YOUR TASK.
Copy out each line of the data holding "LINA".

══ RECORDS SHOWN ══

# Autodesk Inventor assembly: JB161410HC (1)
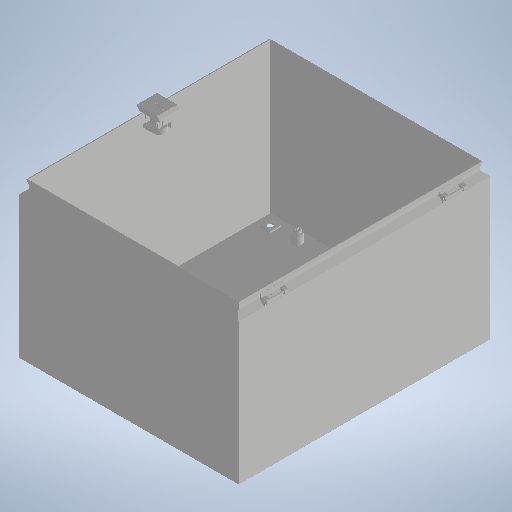
[picture p0: Inventor's stored thumbnail of the model, 512x512]
Saved by Autodesk Inventor 2025.2 (Build 292293000, 293)
## iProperties
Category: PARTsolutions
Company: RITTAL
Created: 2025-08-10
Part Number: JB161410HC (1)
Catalog Web Link: www.cadenas.de
Description: Hinged Cover-JB
Vendor: RITTAL
Document SubType Name: Assembly
Designer: psAdmin
Manufacturer: RITTAL
Mass: 8618.26 g
Surface Area: 16099.8 cm^2
Volume: 1280.15 cm^3
Density: 6.73223 g/cm^3
PSOL_IDENT_0: {$CADENAS_DATA/23d-libs/rittal/schaltschranksys/kleingeh/jb_parts/jb_asmtab.prj},201 {VTYP=3D},{STYP=
PSOL_IDENT_1: ASSTAB},{NB=JB161410HC (1)},{LINA=JB161410HC (1)},{NN=Hinged Cover},{DATE=20.08.2024 09:27:19},{GEOM
PSOL_IDENT_2: DATE=03.07.2019 13:23:22},{VERSION=},{LINEID=220},{WBVAR=DETAIL},{WBNUMERIC=DETAIL}  {NB=JB161410HC
PSOL_IDENT_3: (1)},{LINA=JB161410HC (1)},{KT=DUMMY},{PN=JB161410HC},{BEST=8018.127},{PN1=161410HC},{DETAIL=1},{H=1
PSOL_IDENT_4: 6},{B=14},{T=10},{W=19.0},{HM=400.00000},{BM=350.00000},{TM=250.00000},{ST=225.79000},{ETFT=8.19000}
PSOL_IDENT_5: ,{EPD=21.13000},{HHD=311.00000},{VHD=361.00000},{DMHD=284.40000},{EW=0.00000},{EH=0.00000},{MPX=225.
PSOL_IDENT_6: 00000},{MPY=361.00000},{MPN=4},{NOH=2},{MAT=CS},{MT=cs},{PPATH=jb_asmtpl.prj}
NB: JB161410HC (1)
NN: Hinged Cover
NT: JB
NBSYN: $PN. ($DETAIL.)
LINA: JB161410HC (1)
CATALOG: Rittal
PN: JB161410HC
BEST: 8018.127
DETAIL: High
H: 16
B: 14
T: 10
W: 19
SUPPLIER: RITTAL
ARTICLENO: JB161410HC (1)
BOMINFO: JB161410HC (1)
CREATOR: CADENAS GmbH
Title: JB161410HC (1)
Author: Cadenas PARTsolutions
Comments: JB
## Documents named in this file (9)
- C:\Users\cbast\OneDrive\Documents\GitHub\Smart-Pack-for-Advanced-Research-and-Control\variations\Camden\V0.2\Project Box CAD\RITTAL Enclosure\JB161410HC (1).iam
- C:\Users\cbast\OneDrive\Documents\GitHub\Smart-Pack-for-Advanced-Research-and-Control\variations\Camden\V0.2\Project Box CAD\RITTAL Enclosure\F161410HC1.ipt
- C:\Users\cbast\OneDrive\Documents\GitHub\Smart-Pack-for-Advanced-Research-and-Control\variations\Camden\V0.2\Project Box CAD\RITTAL Enclosure\JB_HINGE.ipt
- C:\Users\cbast\OneDrive\Documents\GitHub\Smart-Pack-for-Advanced-Research-and-Control\variations\Camden\V0.2\Project Box CAD\RITTAL Enclosure\jJBDOOR161410HC1.ipt
- C:\Users\cbast\OneDrive\Documents\GitHub\Smart-Pack-for-Advanced-Research-and-Control\variations\Camden\V0.2\Project Box CAD\RITTAL Enclosure\wm_one_door_lock_na.ipt
- C:\Users\cbast\OneDrive\Documents\GitHub\Smart-Pack-for-Advanced-Research-and-Control\variations\Camden\V0.2\Project Box CAD\RITTAL Enclosure\lock_insert_na.ipt
- C:\Users\cbast\OneDrive\Documents\GitHub\Smart-Pack-for-Advanced-Research-and-Control\variations\Camden\V0.2\Project Box CAD\RITTAL Enclosure\lock_washer_na.ipt
- C:\Users\cbast\OneDrive\Documents\GitHub\Smart-Pack-for-Advanced-Research-and-Control\variations\Camden\V0.2\Project Box CAD\RITTAL Enclosure\JBlock_plate.ipt
- C:\Users\cbast\OneDrive\Documents\GitHub\Smart-Pack-for-Advanced-Research-and-Control\variations\Camden\V0.2\Project Box CAD\RITTAL Enclosure\JBMP1614.ipt
## Components (9 placed, 8 different names)
1. F161410HC1:1 — s2_XY@1 <-> to_frame_XY@2, s2_Z@1 <-> to_frame_Z@2, s2_YZ@1 <-> to_frame_YZ@2, s1_XY@1 <-> to_frame_XY@3, s1_Z@1 <-> to_frame_Z@3, s1_YZ@1 <-> to_frame_YZ@3, to_plate_XY@1 <-> to_frame_XY@9, to_plate_Z@1 <-> to_frame_Z@9, to_plate_YZ@1 <-> to_frame_YZ@9
2. JB_HINGE:1 — s2_XY@1 <-> to_frame_XY@2, s2_Z@1 <-> to_frame_Z@2, s2_YZ@1 <-> to_frame_YZ@2
3. JB_HINGE:2 — s1_XY@1 <-> to_frame_XY@3, s1_Z@1 <-> to_frame_Z@3, s1_YZ@1 <-> to_frame_YZ@3, to_door_XY@3 <-> door_to_hinge_XY@4, to_door_Z@3 <-> door_to_hinge_Z@4, to_door_YZ@3 <-> door_to_hinge_YZ@4
4. jJBDOOR161410HC1:1 — to_door_XY@3 <-> door_to_hinge_XY@4, to_door_Z@3 <-> door_to_hinge_Z@4, to_door_YZ@3 <-> door_to_hinge_YZ@4, lock_XY@4 <-> lock_to_body_XY@5, lock_Z@4 <-> lock_to_body_Z@5, lock_YZ@4 <-> lock_to_body_YZ@5
5. wm_one_door_lock_na:1 — lock_XY@4 <-> lock_to_body_XY@5, lock_Z@4 <-> lock_to_body_Z@5, lock_YZ@4 <-> lock_to_body_YZ@5, insrt_to_lock_XY@5 <-> insert_to_lock_XY@6, insrt_to_lock_Z@5 <-> insert_to_lock_Z@6, insrt_to_lock_YZ@5 <-> insert_to_lock_YZ@6, washer_XY@5 <-> washer_to_insert_XY@7, washer_Z@5 <-> washer_to_insert_Z@7, washer_YZ@5 <-> washer_to_insert_YZ@7
6. lock_insert_na:1 — insrt_to_lock_XY@5 <-> insert_to_lock_XY@6, insrt_to_lock_Z@5 <-> insert_to_lock_Z@6, insrt_to_lock_YZ@5 <-> insert_to_lock_YZ@6
7. lock_washer_na:1 — washer_XY@5 <-> washer_to_insert_XY@7, washer_Z@5 <-> washer_to_insert_Z@7, washer_YZ@5 <-> washer_to_insert_YZ@7, washer_to_base_XY@7 <-> bottom_to_ins_XY@8, washer_to_base_Z@7 <-> bottom_to_ins_Z@8, washer_to_base_YZ@7 <-> bottom_to_ins_YZ@8
8. JBlock_plate:1 — washer_to_base_XY@7 <-> bottom_to_ins_XY@8, washer_to_base_Z@7 <-> bottom_to_ins_Z@8, washer_to_base_YZ@7 <-> bottom_to_ins_YZ@8
9. JBMP1614:1 — to_plate_XY@1 <-> to_frame_XY@9, to_plate_Z@1 <-> to_frame_Z@9, to_plate_YZ@1 <-> to_frame_YZ@9
## Relationships (24: Mate 9, Angle 8, Flush 7)
- s2_XY@1 <-> to_frame_XY@2 [Flush]: F161410HC1:1 ↔ JB_HINGE:1
- s2_Z@1 <-> to_frame_Z@2 [Mate]: F161410HC1:1 ↔ JB_HINGE:1
- s2_YZ@1 <-> to_frame_YZ@2 [Angle] (180 deg): F161410HC1:1 ↔ JB_HINGE:1
- s1_XY@1 <-> to_frame_XY@3 [Flush]: F161410HC1:1 ↔ JB_HINGE:2
- s1_Z@1 <-> to_frame_Z@3 [Mate]: F161410HC1:1 ↔ JB_HINGE:2
- s1_YZ@1 <-> to_frame_YZ@3 [Angle] (180 deg): F161410HC1:1 ↔ JB_HINGE:2
- to_door_XY@3 <-> door_to_hinge_XY@4 [Flush]: JB_HINGE:2 ↔ jJBDOOR161410HC1:1
- to_door_Z@3 <-> door_to_hinge_Z@4 [Mate]: JB_HINGE:2 ↔ jJBDOOR161410HC1:1
- to_door_YZ@3 <-> door_to_hinge_YZ@4 [Angle] (180 deg): JB_HINGE:2 ↔ jJBDOOR161410HC1:1
- lock_XY@4 <-> lock_to_body_XY@5 [Mate]: jJBDOOR161410HC1:1 ↔ wm_one_door_lock_na:1
- lock_Z@4 <-> lock_to_body_Z@5 [Mate]: jJBDOOR161410HC1:1 ↔ wm_one_door_lock_na:1
- lock_YZ@4 <-> lock_to_body_YZ@5 [Angle] (0 deg): jJBDOOR161410HC1:1 ↔ wm_one_door_lock_na:1
- insrt_to_lock_XY@5 <-> insert_to_lock_XY@6 [Flush]: wm_one_door_lock_na:1 ↔ lock_insert_na:1
- insrt_to_lock_Z@5 <-> insert_to_lock_Z@6 [Mate]: wm_one_door_lock_na:1 ↔ lock_insert_na:1
- insrt_to_lock_YZ@5 <-> insert_to_lock_YZ@6 [Angle] (0 deg): wm_one_door_lock_na:1 ↔ lock_insert_na:1
- washer_XY@5 <-> washer_to_insert_XY@7 [Flush]: wm_one_door_lock_na:1 ↔ lock_washer_na:1
- washer_Z@5 <-> washer_to_insert_Z@7 [Mate]: wm_one_door_lock_na:1 ↔ lock_washer_na:1
- washer_YZ@5 <-> washer_to_insert_YZ@7 [Angle] (90 deg): wm_one_door_lock_na:1 ↔ lock_washer_na:1
- washer_to_base_XY@7 <-> bottom_to_ins_XY@8 [Flush]: lock_washer_na:1 ↔ JBlock_plate:1
- washer_to_base_Z@7 <-> bottom_to_ins_Z@8 [Mate]: lock_washer_na:1 ↔ JBlock_plate:1
- washer_to_base_YZ@7 <-> bottom_to_ins_YZ@8 [Angle] (-90 deg): lock_washer_na:1 ↔ JBlock_plate:1
- to_plate_XY@1 <-> to_frame_XY@9 [Flush]: F161410HC1:1 ↔ JBMP1614:1
- to_plate_Z@1 <-> to_frame_Z@9 [Mate]: F161410HC1:1 ↔ JBMP1614:1
- to_plate_YZ@1 <-> to_frame_YZ@9 [Angle] (0 deg): F161410HC1:1 ↔ JBMP1614:1

═══

ANSWER BOX.
PSOL_IDENT_1: ASSTAB},{NB=JB161410HC (1)},{LINA=JB161410HC (1)},{NN=Hinged Cover},{DATE=20.08.2024 09:27:19},{GEOM
PSOL_IDENT_3: (1)},{LINA=JB161410HC (1)},{KT=DUMMY},{PN=JB161410HC},{BEST=8018.127},{PN1=161410HC},{DETAIL=1},{H=1
LINA: JB161410HC (1)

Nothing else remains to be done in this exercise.